**Recorded data**:

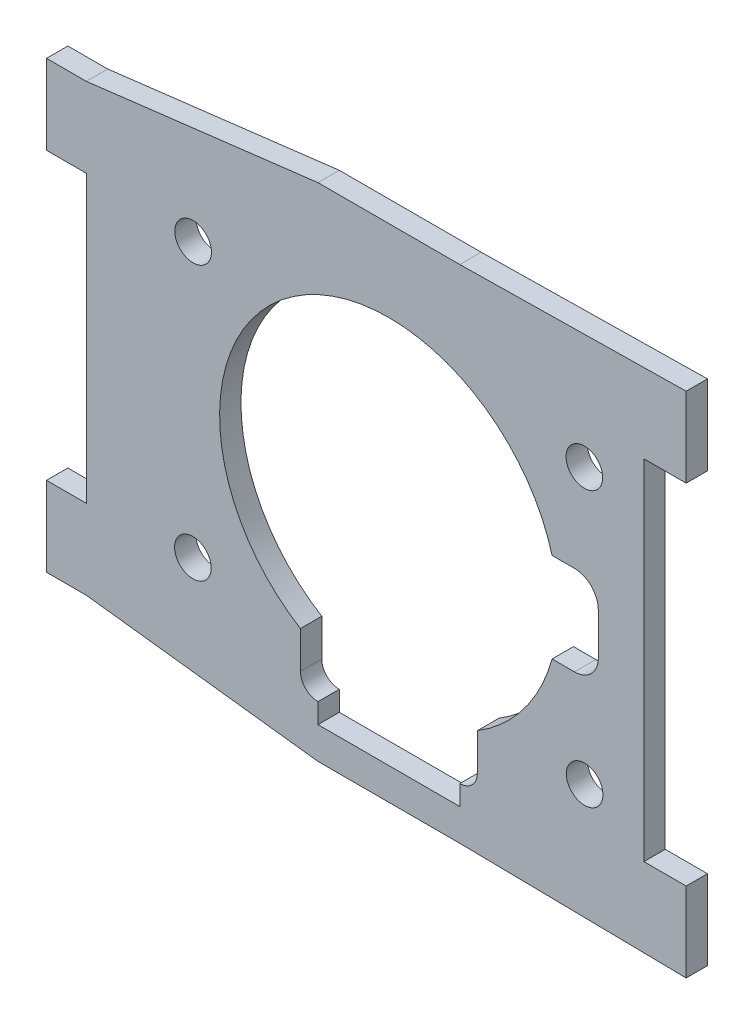
SolidWorks part; units mm, degrees
ref_plane "Front Plane" through (0, 0, 0) normal (0, 0, 1) x (1, 0, 0)
ref_plane "Top Plane" through (0, 0, 0) normal (0, 1, 0) x (1, 0, 0)
ref_plane "Right Plane" through (0, 0, 0) normal (1, 0, 0) x (0, 0, -1)
sketch "Sketch1" plane through (0, 0, 0) normal (0, 0, 1) x (1, 0, 0)
  line L0 (6343.4604, 3531.9182) -> (6343.4603, 3538.6182)
  line L1 (6339.6665, 3542.4119) -> (6336.0954, 3542.4118)
  line L2 (6295.9677, 3512.2582) -> (6295.9678, 3506.3556)
  line L3 (6298.7617, 3500.3869) -> (6321.3809, 3500.3873)
  line L4 (6298.7618, 3495.3069) -> (6321.381, 3495.3073)
  line L5 (6324.1745, 3506.3561) -> (6324.1744, 3512.2587)
  line L6 (6336.0956, 3528.1243) -> (6339.6667, 3528.1244)
  line L7 (6321.3809, 3500.3873) -> (6321.3808, 3503.5623)
  line L8 (6298.7617, 3500.3869) -> (6298.7616, 3503.5619)
  line L9 (6261.8316, 3558.0514) -> (6261.8316, 3512.4838)
  line L10 (6350.7316, 3563.0806) -> (6350.7316, 3507.4546)
  line L11 (6255.4816, 3512.4838) -> (6261.8316, 3512.4838)
  line L12 (6255.4816, 3512.4838) -> (6255.4816, 3499.7838)
  line L13 (6255.4816, 3558.0514) -> (6261.8316, 3558.0514)
  line L14 (6255.4816, 3558.0514) -> (6255.4816, 3570.7514)
  line L15 (6357.4702, 3507.4546) -> (6350.7316, 3507.4546)
  line L16 (6357.4702, 3507.4546) -> (6357.4702, 3494.7546)
  line L17 (6357.4702, 3563.0806) -> (6350.7316, 3563.0806)
  line L18 (6357.4702, 3563.0806) -> (6357.4702, 3575.7806)
  line L19 (6298.7618, 3495.3069) -> (6261.8316, 3499.7838)
  line L20 (6261.8316, 3499.7838) -> (6255.4816, 3499.7838)
  line L21 (6321.381, 3495.3073) -> (6357.4702, 3494.7546)
  line L22 (6298.7618, 3575.2284) -> (6321.381, 3575.228)
  line L23 (6298.7618, 3575.2284) -> (6261.8316, 3570.7514)
  line L24 (6321.381, 3575.228) -> (6357.4702, 3575.7806)
  line L25 (6255.4816, 3570.7514) -> (6261.8316, 3570.7514)
  arc A0 (6324.1744, 3512.2587) -> (6336.0956, 3528.1243) centre (6310.0707, 3535.2676) ccw
  arc A1 (6336.0954, 3542.4118) -> (6295.9677, 3512.2582) centre (6310.0707, 3535.2676) ccw
  arc A2 (6343.4603, 3538.6182) -> (6339.6665, 3542.4119) centre (6339.6666, 3538.6181) ccw
  arc A3 (6295.9678, 3506.3556) -> (6298.7616, 3503.5619) centre (6298.7616, 3506.3556) ccw
  arc A4 (6321.3808, 3503.5623) -> (6324.1745, 3506.3561) centre (6321.3808, 3506.356) ccw
  arc A5 (6339.6667, 3528.1244) -> (6343.4604, 3531.9182) centre (6339.6667, 3531.9181) ccw
  circle A6 centre (6278.8202, 3513.4727) radius 2.921
  circle A7 centre (6341.2804, 3513.4144) radius 2.921
  circle A8 centre (6341.2388, 3557.1802) radius 2.921
  circle A9 centre (6278.861, 3557.1209) radius 2.921
extrude "Boss-Extrude1" add sketch "Sketch1" along normal blind 3.4036
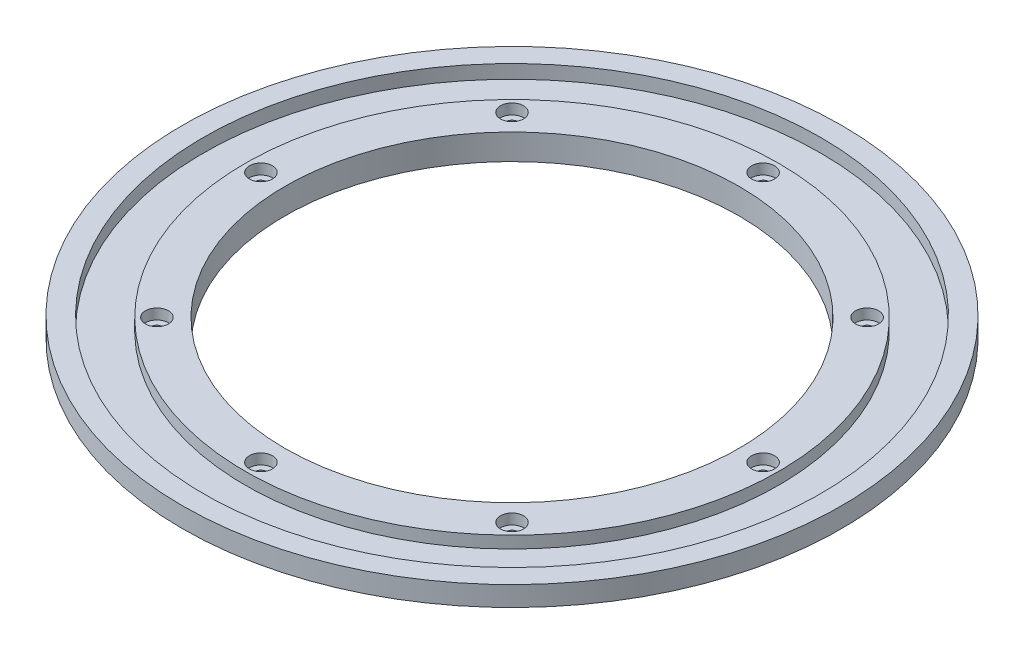
SolidWorks part; units mm, degrees
ref_plane "Front Plane" through (0, 0, 0) normal (0, 0, 1) x (1, 0, 0)
ref_plane "Top Plane" through (0, 0, 0) normal (0, 1, 0) x (1, 0, 0)
ref_plane "Right Plane" through (0, 0, 0) normal (1, 0, 0) x (0, 0, -1)
sketch "Sketch3" plane through (0, 0, 0) normal (1, 0, 0) x (0, 0, -1)
  line L0 (0, -1465.1364) -> (0, 71791.6854) construction
  line L1 (-315, 34.7123) -> (-295, 34.7123)
  line L2 (-295, 34.7123) -> (-295, 21.7123)
  line L3 (-295, 21.7123) -> (-255, 21.7123)
  line L4 (-255, 21.7123) -> (-255, 33.2123)
  line L5 (-255, 33.2123) -> (-217, 33.2123)
  line L6 (-217, 33.2123) -> (-217, 8.7123)
  line L9 (-229, 15.7123) -> (-315, 15.7123)
  line L10 (-315, 15.7123) -> (-315, 34.7123)
  line L11 (-217, 8.7123) -> (-229, 8.7123)
  line L12 (-229, 8.7123) -> (-229, 15.7123)
  dimension "D1" = 19
  dimension "D3" = 24.5
  dimension "D4" = 38
  dimension "D5" = 40
  dimension "D6" = 13
  dimension "D8" = 20
  dimension "D9" = 510
  dimension "D10" = 590
  dimension "D11" = 6
revolve "Revolve1" add sketch "Sketch3" angle 360 about L0
sketch "Sketch4" plane through (0, 33.2123, 0) normal (0, 1, 0) x (1, 0, 0)
  line L0 (0, -1000) -> (0, 49000) construction
  line L1 (-1000, 0) -> (49000, 0) construction
  circle A0 centre (0, 240) radius 5
  circle A1 centre (0, 0) radius 217 construction
  circle A2 centre (169.7056, 169.7056) radius 5
  circle A3 centre (240, 0) radius 5
  circle A4 centre (169.7056, -169.7056) radius 5
  circle A5 centre (0, -240) radius 5
  circle A6 centre (-169.7056, -169.7056) radius 5
  circle A7 centre (-240, 0) radius 5
  circle A8 centre (-169.7056, 169.7056) radius 5
  point P27 (0, 0)
  dimension "D1" = 10
  dimension "D2" = 240
  dimension "D3" = 8
extrude "Cut-Extrude1" cut sketch "Sketch4" against normal through all
sketch "Sketch5" plane through (0, 33.2123, 0) normal (0, 1, 0) x (1, 0, 0)
  circle A0 centre (0, 240) radius 11
  circle A1 centre (169.7056, 169.7056) radius 11
  circle A2 centre (240, 0) radius 11
  circle A3 centre (169.7056, -169.7056) radius 11
  circle A4 centre (0, -240) radius 11
  circle A5 centre (-169.7056, -169.7056) radius 11
  circle A6 centre (-240, 0) radius 11
  circle A7 centre (-169.7056, 169.7056) radius 11
  point P19 (0, 0)
  dimension "D1" = 8
extrude "Cut-Extrude2" cut sketch "Sketch5" against normal blind 10

**Problem requirements**: Wherever a line in the entries holds "sketch", copy that line.

**Solution below**:
sketch "Sketch1" plane through (0, 0, 0) normal (0, 0, 1) x (1, 0, 0)
extrude "Boss-Extrude1" add sketch "Sketch1" along normal blind 3.4036
sketch "Sketch3" plane through (0, 0, 0) normal (1, 0, 0) x (0, 0, -1)
revolve "Revolve1" add sketch "Sketch3" angle 360 about L0
sketch "Sketch4" plane through (0, 33.2123, 0) normal (0, 1, 0) x (1, 0, 0)
extrude "Cut-Extrude1" cut sketch "Sketch4" against normal through all
sketch "Sketch5" plane through (0, 33.2123, 0) normal (0, 1, 0) x (1, 0, 0)
extrude "Cut-Extrude2" cut sketch "Sketch5" against normal blind 10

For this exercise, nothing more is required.